Problem to work on =>
In the entries below, find every line holding the string "Grub" and collect it.

Data supplied =>
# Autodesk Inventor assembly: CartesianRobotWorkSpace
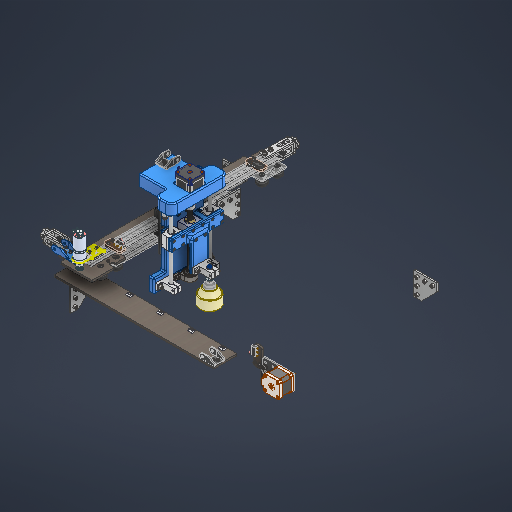
[picture p0: Inventor's stored thumbnail of the model, 512x512]
Saved by Autodesk Inventor 2027.1 (Build 311270010, 270A)
## iProperties
Created: 2026-09-29
Part Number: CartesianRobotWorkSpace
Document SubType Name: Assembly
Designer: SDS Scholar
Author: SDS Scholar
## Documents named in this file (40)
- E:\Apps\AutodeskInventor\University\MCT333_Design_of_Mechatronics_Systems_1\CAD\cartesian_robot_workspace\CartesianRobotWorkSpace.iam
- E:\Apps\AutodeskInventor\University\MCT333_Design_of_Mechatronics_Systems_1\CAD\off_the_shelf_components\AluminiumExtrusion\AluminiumExtrusion2020\Pillars.ipt
- E:\Apps\AutodeskInventor\University\MCT333_Design_of_Mechatronics_Systems_1\CAD\off_the_shelf_components\CornerBracket2020\CornerBracket2020.ipt
- E:\Apps\AutodeskInventor\University\MCT333_Design_of_Mechatronics_Systems_1\CAD\en-US\en-US\SS-ISO 4762\ISO 4762 - M5 x 10SS-ISO.ipt
- E:\Apps\AutodeskInventor\University\MCT333_Design_of_Mechatronics_Systems_1\CAD\off_the_shelf_components\T_nuts\Slider T-Nut for 2020 - M5.ipt
- E:\Apps\AutodeskInventor\University\MCT333_Design_of_Mechatronics_Systems_1\CAD\off_the_shelf_components\RightAngleCornerPlate2020\2020 corner joining plate v1.ipt
- E:\Apps\AutodeskInventor\University\MCT333_Design_of_Mechatronics_Systems_1\CAD\off_the_shelf_components\AluminiumExtrusion\Extrusion2040\2040extrusion_ipt\X_Axis.ipt
- E:\Apps\AutodeskInventor\University\MCT333_Design_of_Mechatronics_Systems_1\CAD\off_the_shelf_components\AluminiumExtrusion\AluminiumExtrusion2020\SupportBeam.ipt
- E:\Apps\AutodeskInventor\University\MCT333_Design_of_Mechatronics_Systems_1\CAD\off_the_shelf_components\VSoltGantrySetAllSizes\20mm Gantry Set\20mm Gantry Set.ipt
- E:\Apps\AutodeskInventor\University\MCT333_Design_of_Mechatronics_Systems_1\CAD\off_the_shelf_components\RightAngleCornerPlate2020\2020 corner joining plate v1_MIR2.ipt
- E:\Apps\AutodeskInventor\University\MCT333_Design_of_Mechatronics_Systems_1\CAD\off_the_shelf_components\T_nuts\Slider T-Nut for 2020 - M5_MIR2.ipt
- E:\Apps\AutodeskInventor\University\MCT333_Design_of_Mechatronics_Systems_1\CAD\off_the_shelf_components\nema-17-23-stepper-motor-mounts\NEMA 17 Flat.ipt
- E:\Apps\AutodeskInventor\University\MCT333_Design_of_Mechatronics_Systems_1\CAD\off_the_shelf_components\GT2BeltTensioner\2020 Belt Tensioner G_K.ipt
- E:\Apps\AutodeskInventor\University\MCT333_Design_of_Mechatronics_Systems_1\CAD\cartesian_robot_workspace\Y_Axis.iam
- E:\Apps\AutodeskInventor\University\MCT333_Design_of_Mechatronics_Systems_1\CAD\cartesian_robot_workspace\Z Axis\Z-Axis.iam
- E:\Apps\AutodeskInventor\University\MCT333_Design_of_Mechatronics_Systems_1\CAD\motors_and_actuators\nema17_stepper_motor\Nema17\Nema17.ipt
- E:\Apps\AutodeskInventor\University\MCT333_Design_of_Mechatronics_Systems_1\CAD\off_the_shelf_components\gt2_pulley_6\GT2 Pulley Assembly With Grub Screws\GT2 Pulley Assembly With Grub Screws.ipt
- E:\Apps\AutodeskInventor\University\MCT333_Design_of_Mechatronics_Systems_1\CAD\cartesian_robot_workspace\Z_Axis_1\Z-Axis.iam
- E:\Apps\AutodeskInventor\University\MCT333_Design_of_Mechatronics_Systems_1\CAD\cartesian_robot_workspace\LimitSwitchMountPlate.ipt
- E:\Apps\AutodeskInventor\University\MCT333_Design_of_Mechatronics_Systems_1\CAD\cartesian_robot_workspace\Z_Axis_1\NO-NC Bump Switch\NO-NC Bump Switch.ipt
- E:\Apps\AutodeskInventor\University\MCT333_Design_of_Mechatronics_Systems_1\CAD\cartesian_robot_workspace\Z_Axis_1\Slider T-Nut for 2020 - M3.ipt
- C:\Users\SDS Scholar\Documents\Inventor\Content Center Files\R2027\en-US\ISO 4762(2)\ISO 4762 - M3 x 10ISO.ipt
- C:\Users\SDS Scholar\Documents\Inventor\Content Center Files\R2027\en-US\ANSI B18.22 M\ANSI B18.22M - 3 N.ipt
- E:\Apps\AutodeskInventor\University\MCT333_Design_of_Mechatronics_Systems_1\CAD\cartesian_robot_workspace\Z_Axis_1\2020 Belt Tensioner G_K.ipt
- E:\Apps\AutodeskInventor\University\MCT333_Design_of_Mechatronics_Systems_1\CAD\cartesian_robot_workspace\Z_Axis_1\M4 T slot nut - 2020\M4 T slot nut - 2020.ipt
- C:\Users\SDS Scholar\Documents\Inventor\Content Center Files\R2027\en-US\ISO 4762(2)\ISO 4762 - M4 x 12ISO.ipt
- C:\Users\SDS Scholar\Documents\Inventor\Content Center Files\R2027\en-US\ANSI B18.22 M\ANSI B18.22M - 4 N.ipt
- E:\Apps\AutodeskInventor\University\MCT333_Design_of_Mechatronics_Systems_1\CAD\Drag Chain Support (Y Axis).ipt
- E:\Apps\AutodeskInventor\University\MCT333_Design_of_Mechatronics_Systems_1\CAD\cartesian_robot_workspace\Z_Axis_1\Drag Chain Start Link.ipt
- C:\Users\SDS Scholar\Documents\Inventor\Content Center Files\R2027\en-US\ANSI B18.22 M\ANSI B18.22M - 5 N.ipt
- C:\Users\SDS Scholar\Documents\Inventor\Content Center Files\R2027\en-US\SS-ISO 4762\ISO 4762 - M5 x 12SS-ISO.ipt
- E:\Apps\AutodeskInventor\University\MCT333_Design_of_Mechatronics_Systems_1\CAD\cartesian_robot_workspace\Z_Axis_1\LimitSwitchMountPlate (X Axis).ipt
- C:\Users\SDS Scholar\Documents\Inventor\Content Center Files\R2027\en-US\ISO 4762(2)\ISO 4762 - M3 x 12ISO.ipt
- E:\Apps\AutodeskInventor\University\MCT333_Design_of_Mechatronics_Systems_1\CAD\en-US\en-US\ISO 4762(2)\ISO 4762 - M2 x 16ISO.ipt
- E:\Apps\AutodeskInventor\University\MCT333_Design_of_Mechatronics_Systems_1\CAD\en-US\en-US\ISO 4032(2)\ISO 4032 - M2 - ISO.ipt
- E:\Apps\AutodeskInventor\University\MCT333_Design_of_Mechatronics_Systems_1\CAD\en-US\en-US\Plain Washer Metric\ANSI B18.22M - 2 N.ipt
- E:\Apps\AutodeskInventor\University\MCT333_Design_of_Mechatronics_Systems_1\CAD\en-US\en-US\ISO 7046-1 Z(1)\ISO 7045 - M2.5 x 12_ - 4.8 - Z - ISO.ipt
- E:\Apps\AutodeskInventor\University\MCT333_Design_of_Mechatronics_Systems_1\CAD\en-US\en-US\Plain Washer Metric\ANSI B18.22M - 2.5 N.ipt
- E:\Apps\AutodeskInventor\University\MCT333_Design_of_Mechatronics_Systems_1\CAD\en-US\en-US\ISO 4032(2)\ISO 4032 - M3 - ISO.ipt
- E:\Apps\AutodeskInventor\University\MCT333_Design_of_Mechatronics_Systems_1\CAD\DESIGN1_CAD_parameters.xlsx
## Components (190 placed, 36 different names)
1. Z-Axis:1 [sub-assembly] — Tangent:9, Tangent:10, Mate:231, Mate:232
2. Z-Axis:2 [sub-assembly] — Mate:299, Mate:300, Tangent:11, Flush:334, Mate:455, Mate:475
3. LimitSwitchMountPlate:1 — Mate:326, Mate:327, Mate:328, Flush:330
4. NO-NC Bump Switch:1
5. Slider T-Nut for 2020 - M3:1 — Mate:330, Angle:2, Flush:331
6. Slider T-Nut for 2020 - M3:2 — Mate:329, Angle:1, Flush:331, Mate:331
7. ISO 4762 M3 x 10:1 — Mate:327, Mate:330
8. ISO 4762 M3 x 10:2 — Mate:328, Mate:329
9. Plain Washer (Metric) 3 N:1
10. Plain Washer (Metric) 3 N:2
11. ISO 4762 M2 x 16:7
12. ISO 4032 M2:7
13. Plain Washer (Metric) 2 N:8
14. ISO 4762 M2 x 16:8
15. ISO 4032 M2:8
16. Plain Washer (Metric) 2 N:9
17. Drag Chain Start Link:1 — Mate:349, Mate:350, Mate:351, Flush:334, Mate:462, Mate:463, Mate:464, Mate:465
18. Drag Chain Support (Y Axis):1 — Mate:347, Flush:333, Mate:348, Mate:349, Mate:350, Mate:351, Mate:466, Mate:467, Mate:468, Mate:472, Mate:474
19. 2020 Belt Tensioner G_K:3 — Flush:336, Mate:382, Mate:383, Mate:455
20. M4 T slot nut - 2020:3 — Mate:384
21. M4 T slot nut - 2020:4
22. ISO 4762 M4 x 12:3
23. ISO 4762 M4 x 12:4
24. Plain Washer (Metric) 4 N:3
25. Plain Washer (Metric) 4 N:4
26. SS ISO 4762 M5 x 12:1 — Mate:385, Mate:387, Mate:393
27. SS ISO 4762 M5 x 12:2 — Mate:388, Mate:389
28. Slider T-Nut for 2020 - M5:52 — Flush:337, Flush:338, Mate:392, Angle:14
29. Slider T-Nut for 2020 - M5:53 — Flush:337, Angle:14
30. NEMA 17 Flat:2 — Mate:386, Mate:390, Mate:391, Angle:8, Angle:9, Mate:400, Mate:407, Mate:408, Mate:409, Mate:449
31. Nema17:2 — Mate:381, Angle:9, Mate:394, Mate:395, Mate:396, Mate:397
32. GT2 Pulley Assembly With Grub Screws:2 — Mate:381
33. Plain Washer (Metric) 5 N:1 — Mate:385, Mate:386, Mate:387
34. Plain Washer (Metric) 5 N:2 — Mate:388, Mate:389, Mate:390
35. ISO 7045 Z M2.5 x 12 - 4.8 - Z:6 — Mate:394, Mate:401, Mate:404
36. ISO 7045 Z M2.5 x 12 - 4.8 - Z:7 — Mate:395, Mate:398, Mate:399
37. ISO 7045 Z M2.5 x 12 - 4.8 - Z:8 — Mate:396, Mate:402, Mate:406
38. ISO 7045 Z M2.5 x 12 - 4.8 - Z:9 — Mate:397, Mate:403, Mate:405
39. Plain Washer (Metric) 2.5 N:6 — Mate:401, Mate:404, Mate:408
40. Plain Washer (Metric) 2.5 N:7 — Mate:403, Mate:405, Mate:409
41. Plain Washer (Metric) 2.5 N:8 — Mate:402, Mate:406, Mate:407
42. Plain Washer (Metric) 2.5 N:9 — Mate:398, Mate:399, Mate:400
43. Slider T-Nut for 2020 - M3:3 — Angle:12, Angle:13, Flush:339, Mate:447
44. Slider T-Nut for 2020 - M3:4 — Angle:13, Flush:339
45. ISO 4762 M3 x 10:3 — Mate:444, Mate:448
46. ISO 4762 M3 x 10:4 — Mate:443
47. Plain Washer (Metric) 3 N:3 — Mate:445
48. Plain Washer (Metric) 3 N:4 — Mate:446
49. LimitSwitchMountPlate (X Axis):1 — Angle:11, Mate:442, Mate:443, Mate:444, Mate:445, Mate:446, Angle:12, Mate:449, Mate:450, Mate:451, Mate:452, Mate:453, Mate:454, Mate:475
50. NO-NC Bump Switch:3 — Mate:452
51. ISO 4762 M2 x 16:9 — Mate:451
52. ISO 4032 M2:9 — Mate:454
53. Plain Washer (Metric) 2 N:10
54. ISO 4762 M2 x 16:10 — Mate:450
55. ISO 4032 M2:10 — Mate:453
56. Plain Washer (Metric) 2 N:11
57. ISO 4762 M3 x 12:1 — Mate:462, Mate:468
58. Plain Washer (Metric) 3 N:5 — Mate:463
59. ISO 4032 M3:3 — Mate:467
60. ISO 4762 M3 x 12:2 — Mate:464
61. Plain Washer (Metric) 3 N:6 — Mate:465
62. ISO 4032 M3:4 — Mate:466
63. SupportBeam:1 — Mate:123, Mate:124, Mate:125, Mate:126, Mate:138, Mate:141, Mate:143, Mate:202
64. X_Axis:1 — Mate:32, Mate:33, Mate:34, Mate:35, Mate:36, Mate:37, Mate:48, Mate:49, Mate:56, Mate:59, Flush:3, Tangent:1, Tangent:2, Mate:217, Mate:271, Mate:299, Tangent:11, Mate:326, Flush:330, Angle:1, Angle:2, Mate:331, Mate:347, Flush:333, Flush:336, Mate:382, Mate:383, Mate:384, Mate:391, Angle:8, Flush:338, Mate:392, Mate:393, Angle:11, Mate:442, Mate:447, Mate:448, Angle:15, Mate:473
65. X_Axis:2 — Mate:89, Mate:90, Mate:91, Mate:92, Mate:93, Mate:94, Mate:107, Mate:110, Mate:113, Mate:115, Flush:4, Tangent:5, Tangent:6, Mate:225, Mate:300
66. 2020 Belt Tensioner G_K:1 — Mate:271
67. 20mm Gantry Set:1 — Tangent:1, Tangent:2, Flush:5, Mate:171, Flush:9, Mate:229, Mate:230
68. 20mm Gantry Set:2 — Tangent:5, Tangent:6, Flush:5, Mate:174, Mate:177, Flush:8, Flush:9
69. Y_Axis:1 [sub-assembly] — Mate:167, Mate:168, Mate:169, Mate:170, Mate:173, Mate:176, Mate:177, Flush:8, Tangent:9, Tangent:10, Mate:231, Mate:232
70. Slider T-Nut for 2020 - M5:44 — Mate:167, Mate:168, Mate:172
71. Slider T-Nut for 2020 - M5:45 — Mate:169, Mate:170, Mate:175
72. SS ISO 4762 M5 x 10:62 — Mate:174, Mate:175, Mate:176
73. SS ISO 4762 M5 x 10:63 — Mate:171, Mate:172, Mate:173
74. Pillars:1 — Flush:10, Flush:11, Mate:183, Mate:184, Mate:185, Mate:186, Mate:187, Mate:188, Mate:189, Flush:191, Flush:192, Mate:190, Symmetry:1, Mate:191, Mate:192, Mate:193, Mate:194, Mate:195, Mate:196, Mate:197, Mate:198, Mate:199, Mate:200, Mate:201, Mate:202, Mate:476, Mate:477
75. SS ISO 4762 M5 x 10:2 — Mate:28, Mate:29, Mate:189
76. Slider T-Nut for 2020 - M5:2 — Mate:29, Mate:186, Mate:187
77. Slider T-Nut for 2020 - M5:1 — Mate:21, Mate:184, Mate:185
78. SS ISO 4762 M5 x 10:1 — Mate:20, Mate:21, Mate:31, Mate:188
79. CornerBracket2020:1 — Mate:20, Mate:31, Flush:191, Flush:340, Flush:341
80. CornerBracket2020:4 — Mate:28, Flush:192, Mate:190
81. CornerBracket2020:12 — Flush:341, Mate:477
82. CornerBracket2020:11 — Mate:476, Flush:340
83. Pillars:2 — Mate:218, Mate:219, Mate:220, Mate:221, Mate:222, Mate:223, Mate:224, Mate:225
84. SS ISO 4762 M5 x 10:64
85. Slider T-Nut for 2020 - M5:46
86. Slider T-Nut for 2020 - M5:47
87. SS ISO 4762 M5 x 10:65
88. CornerBracket2020:5
89. CornerBracket2020:6
90. CornerBracket2020:13
91. CornerBracket2020:14
92. Pillars:3 — Symmetry:1, Mate:348
93. SS ISO 4762 M5 x 10:66
94. Slider T-Nut for 2020 - M5:48
95. Slider T-Nut for 2020 - M5:49
96. SS ISO 4762 M5 x 10:67
97. CornerBracket2020:7
98. CornerBracket2020:8
99. CornerBracket2020:15
100. CornerBracket2020:16
101. Pillars:4 — Mate:210, Mate:211, Mate:212, Mate:213, Mate:214, Mate:215, Mate:216, Mate:217
102. SS ISO 4762 M5 x 10:68
103. Slider T-Nut for 2020 - M5:50
104. Slider T-Nut for 2020 - M5:51
105. SS ISO 4762 M5 x 10:69
106. CornerBracket2020:9
107. CornerBracket2020:10
108. CornerBracket2020:17
109. CornerBracket2020:18
110. Slider T-Nut for 2020 - M5:54 — Angle:15, Mate:473
111. Plain Washer (Metric) 5 N:3 — Mate:474
112. SS ISO 4762 M5 x 12:3 — Mate:472
113. Slider T-Nut for 2020 - M5:55
114. Plain Washer (Metric) 5 N:4
115. SS ISO 4762 M5 x 12:4
116. Slider T-Nut for 2020 - M5:56
117. Plain Washer (Metric) 5 N:5
118. SS ISO 4762 M5 x 12:5
119. Slider T-Nut for 2020 - M5:57
120. Plain Washer (Metric) 5 N:6
121. SS ISO 4762 M5 x 12:6
122. Slider T-Nut for 2020 - M5:58
123. Plain Washer (Metric) 5 N:7
124. SS ISO 4762 M5 x 12:7
125. 2020 corner joining plate v1:6 — Mate:127, Mate:130, Mate:133, Mate:136, Mate:139, Mate:143, Mate:144, Mate:201
126. Slider T-Nut for 2020 - M5:35 — Mate:131, Mate:192, Mate:195
127. Slider T-Nut for 2020 - M5:36 — Mate:123, Mate:124, Mate:137
128. Slider T-Nut for 2020 - M5:37 — Mate:134, Mate:191, Mate:194, Mate:196
129. Slider T-Nut for 2020 - M5:38 — Mate:125, Mate:126, Mate:140
130. Slider T-Nut for 2020 - M5:39 — Mate:128, Mate:193, Mate:197
131. SS ISO 4762 M5 x 10:48 — Mate:127, Mate:128, Mate:198
132. SS ISO 4762 M5 x 10:49 — Mate:139, Mate:140, Mate:141
133. SS ISO 4762 M5 x 10:50 — Mate:130, Mate:131, Mate:199
134. SS ISO 4762 M5 x 10:51 — Mate:133, Mate:134, Mate:200
135. SS ISO 4762 M5 x 10:52 — Mate:136, Mate:137, Mate:138
136. 2020 corner joining plate v1_MIR2:1
137. Slider T-Nut for 2020 - M5_MIR2:1
138. Slider T-Nut for 2020 - M5_MIR2:2
139. Slider T-Nut for 2020 - M5_MIR2:3
140. Slider T-Nut for 2020 - M5_MIR2:4
141. Slider T-Nut for 2020 - M5_MIR2:5
142. SS ISO 4762 M5 x 10:53
143. SS ISO 4762 M5 x 10:54
144. SS ISO 4762 M5 x 10:55
145. SS ISO 4762 M5 x 10:56
146. SS ISO 4762 M5 x 10:57
147. 2020 corner joining plate v1:1 — Mate:42, Mate:46, Mate:49, Mate:51, Mate:54, Mate:57, Flush:3, Mate:216, Mate:230
148. Slider T-Nut for 2020 - M5:9 — Mate:36, Mate:37, Mate:55
149. Slider T-Nut for 2020 - M5:10 — Mate:52, Mate:212, Mate:213
150. Slider T-Nut for 2020 - M5:11 — Mate:43, Mate:210, Mate:211
151. Slider T-Nut for 2020 - M5:12 — Mate:34, Mate:35, Mate:58
152. Slider T-Nut for 2020 - M5:13 — Mate:32, Mate:33, Mate:47
153. SS ISO 4762 M5 x 10:9 — Mate:42, Mate:43, Mate:215
154. SS ISO 4762 M5 x 10:10 — Mate:46, Mate:47, Mate:48
155. SS ISO 4762 M5 x 10:11 — Mate:54, Mate:55, Mate:56
156. SS ISO 4762 M5 x 10:12 — Mate:51, Mate:52, Mate:214
157. SS ISO 4762 M5 x 10:13 — Mate:57, Mate:58, Mate:59
158. 2020 corner joining plate v1:2 — Mate:229
159. Slider T-Nut for 2020 - M5:14
160. Slider T-Nut for 2020 - M5:15
161. Slider T-Nut for 2020 - M5:16
162. Slider T-Nut for 2020 - M5:17
163. Slider T-Nut for 2020 - M5:18
164. SS ISO 4762 M5 x 10:14
165. SS ISO 4762 M5 x 10:15
166. SS ISO 4762 M5 x 10:16
167. SS ISO 4762 M5 x 10:17
168. SS ISO 4762 M5 x 10:18
169. 2020 corner joining plate v1:4 — Mate:99, Mate:102, Mate:105, Mate:108, Mate:111, Mate:115, Flush:4, Mate:224
170. Slider T-Nut for 2020 - M5:25 — Mate:93, Mate:94, Mate:106
171. Slider T-Nut for 2020 - M5:26 — Mate:103, Mate:218, Mate:219
172. Slider T-Nut for 2020 - M5:27 — Mate:100, Mate:220, Mate:221
173. Slider T-Nut for 2020 - M5:28 — Mate:91, Mate:92, Mate:109
174. Slider T-Nut for 2020 - M5:29 — Mate:89, Mate:90, Mate:112
175. SS ISO 4762 M5 x 10:38 — Mate:99, Mate:100, Mate:223
176. SS ISO 4762 M5 x 10:39 — Mate:105, Mate:106, Mate:107
177. SS ISO 4762 M5 x 10:40 — Mate:102, Mate:103, Mate:222
178. SS ISO 4762 M5 x 10:41 — Mate:108, Mate:109, Mate:110
179. SS ISO 4762 M5 x 10:42 — Mate:111, Mate:112, Mate:113
180. 2020 corner joining plate v1:5 — Mate:144
181. Slider T-Nut for 2020 - M5:30
182. Slider T-Nut for 2020 - M5:31
183. Slider T-Nut for 2020 - M5:32
184. Slider T-Nut for 2020 - M5:33
185. Slider T-Nut for 2020 - M5:34
186. SS ISO 4762 M5 x 10:43
187. SS ISO 4762 M5 x 10:44
188. SS ISO 4762 M5 x 10:45
189. SS ISO 4762 M5 x 10:46
190. SS ISO 4762 M5 x 10:47
## Component patterns: (4 elements, first: Pillars:1 + SS ISO 4762 M5 x 10:2 + Slider T-Nut for 2020 - M5:2 + Slider T-Nut for 2020 - M5:1 + SS ISO 4762 M5 x 10:1 + CornerBracket2020:1 + CornerBracket2020:4 + CornerBracket2020:12 + CornerBracket2020:11), (5 elements, first: Slider T-Nut for 2020 - M5:54 + Plain Washer (Metric) 5 N:3 + SS ISO 4762 M5 x 12:3), (2 elements, first: 2020 corner joining plate v1:6 + Slider T-Nut for 2020 - M5:35 + Slider T-Nut for 2020 - M5:36 + Slider T-Nut for 2020 - M5:37 + Slider T-Nut for 2020 - M5:38 + Slider T-Nut for 2020 - M5:39 + SS ISO 4762 M5 x 10:48 + SS ISO 4762 M5 x 10:49 + SS ISO 4762 M5 x 10:50 + SS ISO 4762 M5 x 10:51 + SS ISO 4762 M5 x 10:52), (2 elements, first: 2020 corner joining plate v1:1 + Slider T-Nut for 2020 - M5:9 + Slider T-Nut for 2020 - M5:10 + Slider T-Nut for 2020 - M5:11 + Slider T-Nut for 2020 - M5:12 + Slider T-Nut for 2020 - M5:13 + SS ISO 4762 M5 x 10:9 + SS ISO 4762 M5 x 10:10 + SS ISO 4762 M5 x 10:11 + SS ISO 4762 M5 x 10:12 + SS ISO 4762 M5 x 10:13), (2 elements, first: 2020 corner joining plate v1:4 + Slider T-Nut for 2020 - M5:25 + Slider T-Nut for 2020 - M5:26 + Slider T-Nut for 2020 - M5:27 + Slider T-Nut for 2020 - M5:28 + Slider T-Nut for 2020 - M5:29 + SS ISO 4762 M5 x 10:38 + SS ISO 4762 M5 x 10:39 + SS ISO 4762 M5 x 10:40 + SS ISO 4762 M5 x 10:41 + SS ISO 4762 M5 x 10:42)
## Relationships (288: Mate 248, Flush 20, Angle 12, Tangent 7, Symmetry 1)
- Mate:20: SS ISO 4762 M5 x 10:1 ↔ CornerBracket2020:1
- Mate:21: Slider T-Nut for 2020 - M5:1 ↔ SS ISO 4762 M5 x 10:1
- Mate:28: SS ISO 4762 M5 x 10:2 ↔ CornerBracket2020:4
- Mate:29: SS ISO 4762 M5 x 10:2 ↔ Slider T-Nut for 2020 - M5:2
- Mate:31 (0.7 mm): SS ISO 4762 M5 x 10:1 ↔ CornerBracket2020:1
- Mate:32: X_Axis:1 ↔ Slider T-Nut for 2020 - M5:13
- Mate:33: X_Axis:1 ↔ Slider T-Nut for 2020 - M5:13
- Mate:34: X_Axis:1 ↔ Slider T-Nut for 2020 - M5:12
- Mate:35: X_Axis:1 ↔ Slider T-Nut for 2020 - M5:12
- Mate:36: X_Axis:1 ↔ Slider T-Nut for 2020 - M5:9
- Mate:37: X_Axis:1 ↔ Slider T-Nut for 2020 - M5:9
- Mate:42: 2020 corner joining plate v1:1 ↔ SS ISO 4762 M5 x 10:9
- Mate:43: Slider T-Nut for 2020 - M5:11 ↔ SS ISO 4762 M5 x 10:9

Exercise response =>
- E:\Apps\AutodeskInventor\University\MCT333_Design_of_Mechatronics_Systems_1\CAD\off_the_shelf_components\gt2_pulley_6\GT2 Pulley Assembly With Grub Screws\GT2 Pulley Assembly With Grub Screws.ipt
32. GT2 Pulley Assembly With Grub Screws:2 — Mate:381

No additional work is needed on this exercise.